Barat sekarang menangis. Namun, belas kasih dan kepedulian mereka hanya dari kalangan mereka berdasarkan ras dan agama. Rasa kasih demikian bukan untuk para pengungsi negara-negara Timur Tengah seperti Suriah. Sebuah cermin lebar bagi dunia hari ini, media barat hanya terpukul dengan kondisi kemanusiaan seperti yang terjadi di Ukraina. Hal itu, seolah menjelaskan kepada kita, hanya para pengungsi Ukraina yang beradab dan tidak mengancam Eropa. Semua membuka pintu bagi mereka.

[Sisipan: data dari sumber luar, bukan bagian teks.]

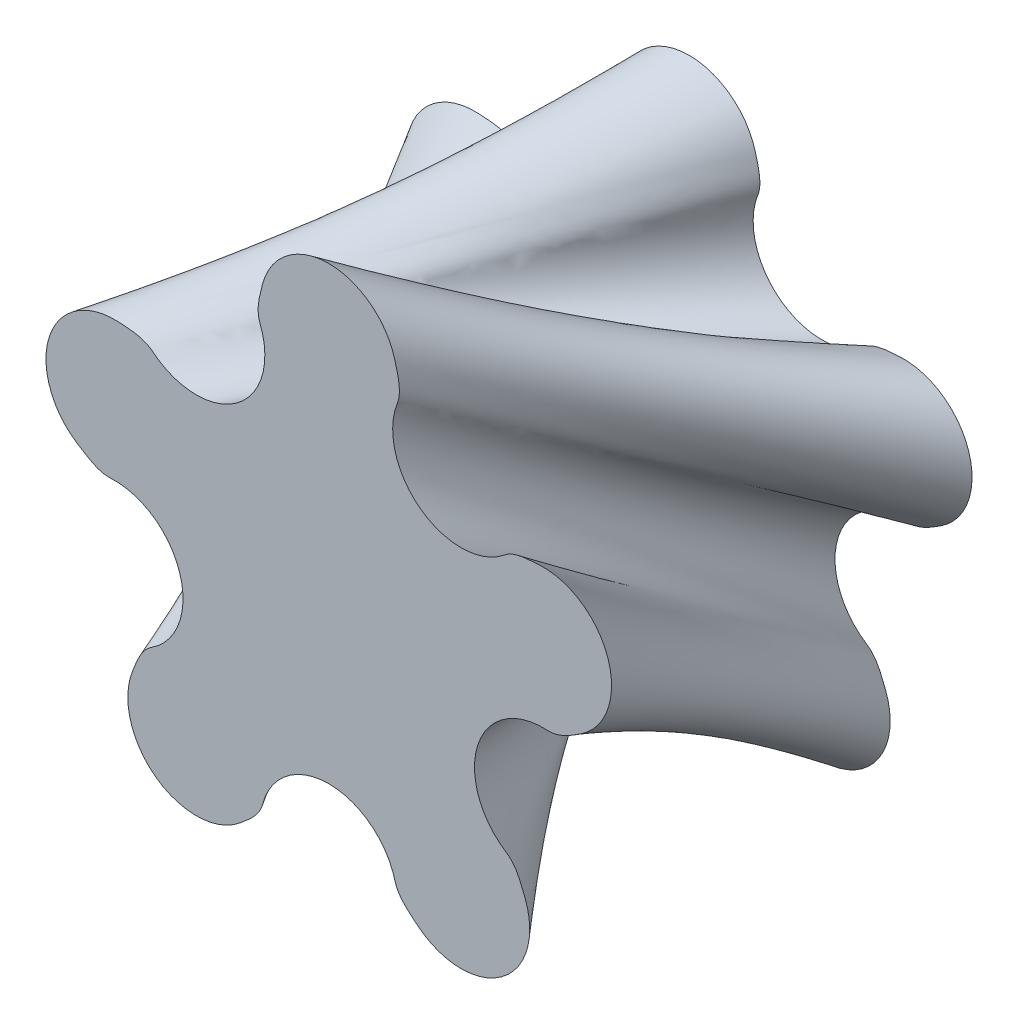
ISO-10303-21;
HEADER;
FILE_DESCRIPTION(('STEP AP214'),'2;1');
FILE_NAME('part.step','',(''),(''),'','','');
FILE_SCHEMA(('AUTOMOTIVE_DESIGN { 1 0 10303 214 1 1 1 1 }'));
ENDSEC;
DATA;
#1=APPLICATION_CONTEXT('core data for automotive mechanical design processes');
#2=APPLICATION_PROTOCOL_DEFINITION('international standard','automotive_design',2000,#1);
#3=PRODUCT_CONTEXT('',#1,'mechanical');
#4=PRODUCT('Part','Part','',(#3));
#5=PRODUCT_RELATED_PRODUCT_CATEGORY('part','',(#4));
#6=PRODUCT_DEFINITION_FORMATION('','',#4);
#7=PRODUCT_DEFINITION_CONTEXT('part definition',#1,'design');
#8=PRODUCT_DEFINITION('design','',#6,#7);
#9=PRODUCT_DEFINITION_SHAPE('','',#8);
#10=(LENGTH_UNIT() NAMED_UNIT(*) SI_UNIT(.MILLI.,.METRE.));
#11=(NAMED_UNIT(*) PLANE_ANGLE_UNIT() SI_UNIT($,.RADIAN.));
#12=(NAMED_UNIT(*) SI_UNIT($,.STERADIAN.) SOLID_ANGLE_UNIT());
#13=UNCERTAINTY_MEASURE_WITH_UNIT(LENGTH_MEASURE(1.E-05),#10,'distance_accuracy_value','');
#14=(GEOMETRIC_REPRESENTATION_CONTEXT(3) GLOBAL_UNCERTAINTY_ASSIGNED_CONTEXT((#13)) GLOBAL_UNIT_ASSIGNED_CONTEXT((#10,
#11,#12)) REPRESENTATION_CONTEXT('',''));
#15=CARTESIAN_POINT('',(0.,0.,0.));
#16=DIRECTION('',(0.,0.,1.));
#17=DIRECTION('',(1.,0.,0.));
#18=AXIS2_PLACEMENT_3D('',#15,#16,#17);
#19=CARTESIAN_POINT('',(-7.83797283048347,0.0889698798174569,12.));
#20=DIRECTION('',(0.,0.,1.));
#21=DIRECTION('',(1.,0.,0.));
#22=AXIS2_PLACEMENT_3D('',#19,#20,#21);
#23=PLANE('',#22);
#24=CARTESIAN_POINT('',(-8.35850427885276,0.393851569912887,12.));
#25=CARTESIAN_POINT('',(-8.02955719358575,0.18428916450994,12.));
#26=CARTESIAN_POINT('',(-7.66147706445491,-0.0646926807636443,12.));
#27=CARTESIAN_POINT('',(-7.27217559089301,-0.0408819826121198,12.));
#28=B_SPLINE_CURVE_WITH_KNOTS('',3,(#24,#25,#26,#27),.UNSPECIFIED.,.F.,.F.,(4,4),(0.,
1.17008686855949),.UNSPECIFIED.);
#29=CARTESIAN_POINT('',(-8.35850427885276,0.393851569912887,12.));
#30=VERTEX_POINT('',#29);
#31=CARTESIAN_POINT('',(-7.27217559085693,-0.0408819826099125,12.));
#32=VERTEX_POINT('',#31);
#33=EDGE_CURVE('E672',#30,#32,#28,.T.);
#34=ORIENTED_EDGE('',*,*,#33,.T.);
#35=CARTESIAN_POINT('',(-7.13292387221381,-2.31762745781239,12.));
#36=DIRECTION('',(0.,0.,-1.));
#37=DIRECTION('',(1.,0.,0.));
#38=AXIS2_PLACEMENT_3D('',#35,#36,#37);
#39=CIRCLE('',#38,2.281);
#40=CARTESIAN_POINT('',(-5.90734346549321,-4.24140334565966,12.));
#41=VERTEX_POINT('',#40);
#42=EDGE_CURVE('E1351',#32,#41,#39,.T.);
#43=ORIENTED_EDGE('',*,*,#42,.T.);
#44=CARTESIAN_POINT('',(-5.90734346557452,-4.24140334571146,12.));
#45=CARTESIAN_POINT('',(-6.23629055084155,-4.45096575111444,12.));
#46=CARTESIAN_POINT('',(-6.3877257738602,-4.86874836679636,12.));
#47=CARTESIAN_POINT('',(-6.53067186476054,-5.23163815965401,12.));
#48=B_SPLINE_CURVE_WITH_KNOTS('',3,(#44,#45,#46,#47),.UNSPECIFIED.,.F.,.F.,(4,4),(0.,
1.17008686855961),.UNSPECIFIED.);
#49=CARTESIAN_POINT('',(-6.53067186476056,-5.23163815965407,12.));
#50=VERTEX_POINT('',#49);
#51=EDGE_CURVE('E1336',#41,#50,#48,.T.);
#52=ORIENTED_EDGE('',*,*,#51,.T.);
#53=CARTESIAN_POINT('',(-4.40838939219349,-6.067627457812,12.));
#54=DIRECTION('',(0.,0.,1.));
#55=DIRECTION('',(1.,0.,0.));
#56=AXIS2_PLACEMENT_3D('',#53,#54,#55);
#57=CIRCLE('',#56,2.281);
#58=CARTESIAN_POINT('',(-2.95749497174001,-7.82770313251948,12.));
#59=VERTEX_POINT('',#58);
#60=EDGE_CURVE('E1326',#50,#59,#57,.T.);
#61=ORIENTED_EDGE('',*,*,#60,.T.);
#62=CARTESIAN_POINT('',(-2.95749497174002,-7.82770313251948,12.));
#63=CARTESIAN_POINT('',(-2.65653904091342,-7.57961420821157,12.));
#64=CARTESIAN_POINT('',(-2.30600021933357,-7.30648882436328,12.));
#65=CARTESIAN_POINT('',(-2.20834476770227,-6.92888321075213,12.));
#66=B_SPLINE_CURVE_WITH_KNOTS('',3,(#62,#63,#64,#65),.UNSPECIFIED.,.F.,.F.,(4,4),(0.,
1.17008686855963),.UNSPECIFIED.);
#67=CARTESIAN_POINT('',(-2.20834476770085,-6.92888321074663,12.));
#68=VERTEX_POINT('',#67);
#69=EDGE_CURVE('E1311',#59,#68,#66,.T.);
#70=ORIENTED_EDGE('',*,*,#69,.T.);
#71=CARTESIAN_POINT('',(2.45248266139697E-13,-7.50000000000012,12.));
#72=DIRECTION('',(0.,0.,-1.));
#73=DIRECTION('',(1.,0.,0.));
#74=AXIS2_PLACEMENT_3D('',#71,#72,#73);
#75=CIRCLE('',#74,2.281);
#76=CARTESIAN_POINT('',(2.20834476770262,-6.92888321075161,12.));
#77=VERTEX_POINT('',#76);
#78=EDGE_CURVE('E1301',#68,#77,#75,.T.);
#79=ORIENTED_EDGE('',*,*,#78,.T.);
#80=CARTESIAN_POINT('',(2.20834476770266,-6.92888321075173,12.));
#81=CARTESIAN_POINT('',(2.30600021933403,-7.30648882436288,12.));
#82=CARTESIAN_POINT('',(2.6565390409134,-7.57961420821156,12.));
#83=CARTESIAN_POINT('',(2.95749497174002,-7.82770313251948,12.));
#84=B_SPLINE_CURVE_WITH_KNOTS('',3,(#80,#81,#82,#83),.UNSPECIFIED.,.F.,.F.,(4,4),(0.,
1.17008686855969),.UNSPECIFIED.);
#85=CARTESIAN_POINT('',(2.95749497174002,-7.82770313251948,12.));
#86=VERTEX_POINT('',#85);
#87=EDGE_CURVE('E1286',#77,#86,#84,.T.);
#88=ORIENTED_EDGE('',*,*,#87,.T.);
#89=CARTESIAN_POINT('',(4.40838939219349,-6.067627457812,12.));
#90=DIRECTION('',(0.,0.,1.));
#91=DIRECTION('',(1.,0.,0.));
#92=AXIS2_PLACEMENT_3D('',#89,#90,#91);
#93=CIRCLE('',#92,2.281);
#94=CARTESIAN_POINT('',(6.53067186476053,-5.231638159654,12.));
#95=VERTEX_POINT('',#94);
#96=EDGE_CURVE('E1276',#86,#95,#93,.T.);
#97=ORIENTED_EDGE('',*,*,#96,.T.);
#98=CARTESIAN_POINT('',(6.53067186476054,-5.23163815965401,12.));
#99=CARTESIAN_POINT('',(6.38772577386021,-4.86874836679637,12.));
#100=CARTESIAN_POINT('',(6.23629055084193,-4.45096575111422,12.));
#101=CARTESIAN_POINT('',(5.90734346557487,-4.24140334571131,12.));
#102=B_SPLINE_CURVE_WITH_KNOTS('',3,(#98,#99,#100,#101),.UNSPECIFIED.,.F.,.F.,(4,4),(0.,
1.17008686855956),.UNSPECIFIED.);
#103=CARTESIAN_POINT('',(5.90734346546938,-4.2414033456441,12.));
#104=VERTEX_POINT('',#103);
#105=EDGE_CURVE('E1261',#95,#104,#102,.T.);
#106=ORIENTED_EDGE('',*,*,#105,.T.);
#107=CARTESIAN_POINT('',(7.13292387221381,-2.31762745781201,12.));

Demikian akhir sebuah artikel yang dilansir di Haaretz.com, ditulis oleh Sheren Falah Saab berjudul: “Western Media Likes Its Refugees Blond and Blue-eyed. Maksudnya, Media barat lebih menyukai pengungsi yang berambut pirang dan bermata biru. Tulisan ini menjelaskan kepada kita bahwa misi kemanusiaan tidak seharusnya membeda-bedakan kulit, apalagi agama. Namun begitulah faktanya. Ada kelas yang harus mendapatkan prioroitas, sementara lainnya adalah “ancaman”.
Untuk diketahui, Haaretz adalah surat kabar harian tertua di Israel. Surat kabar ini didirikan tahun 1918 dan saat ini diterbitkan dalam bahasa Ibrani dan Inggris dengan format Berliner. Sejumlah pihak menyatakan bahwa peran Haaretz di Israel sama besarnya seperti peran New York Times di Amerika Serikat. Koran ini dikenal karena mengambil sudut pandang kiri-liberal terhadap masalah dalam dan luar negeri. Haaretz mengoperasikan situs web berbahasa Ibrani dan Inggris. Kedua situs ini menerbitkan berita terbaru setiap menit, sesi tanya jawab langsung dengan tokoh-tokoh Israel, Palestina, dan lainnya, serta blog yang mengulas berbagai macam sudut pandang dan opini politik. (Wikipedia)
Salah satu opini yang dilansir di atas, menujukkan kepada dunia bahwa semua korban perang adalah sama. Para pengungsi akibat perang butuh pembelaan, perhatian, kasih sayang, dan pertolongan, atas nama kemanusiaan. Demikian pesan yang dapat ditelaah dari opini Sheren Falah Saab, disalin dari Haaretz.com, Rabu (9/3/22). Berikut, selengkapnya:
Barat merangkul pengungsi Ukraina dan membuka pintunya bagi mereka. Dan memang benar, dari sudut pandang –terhadap mereka yang berkulit putih, berambut prang, dan bermata biru (bule)- tidak ada alasan untuk takut pada mereka. Namun, tidak demikian dengan apa yang terjadi belum lama ini bagi para pengungsi Suriah, Afghanistan, dan Irak, yang mengetuk pintu dunia untuk mendapatkan pertolongan dan menyelamatkan diri. Mereka layaknya (seolah-olah) orang-orang yang tidak terkendali dan tidak beradab.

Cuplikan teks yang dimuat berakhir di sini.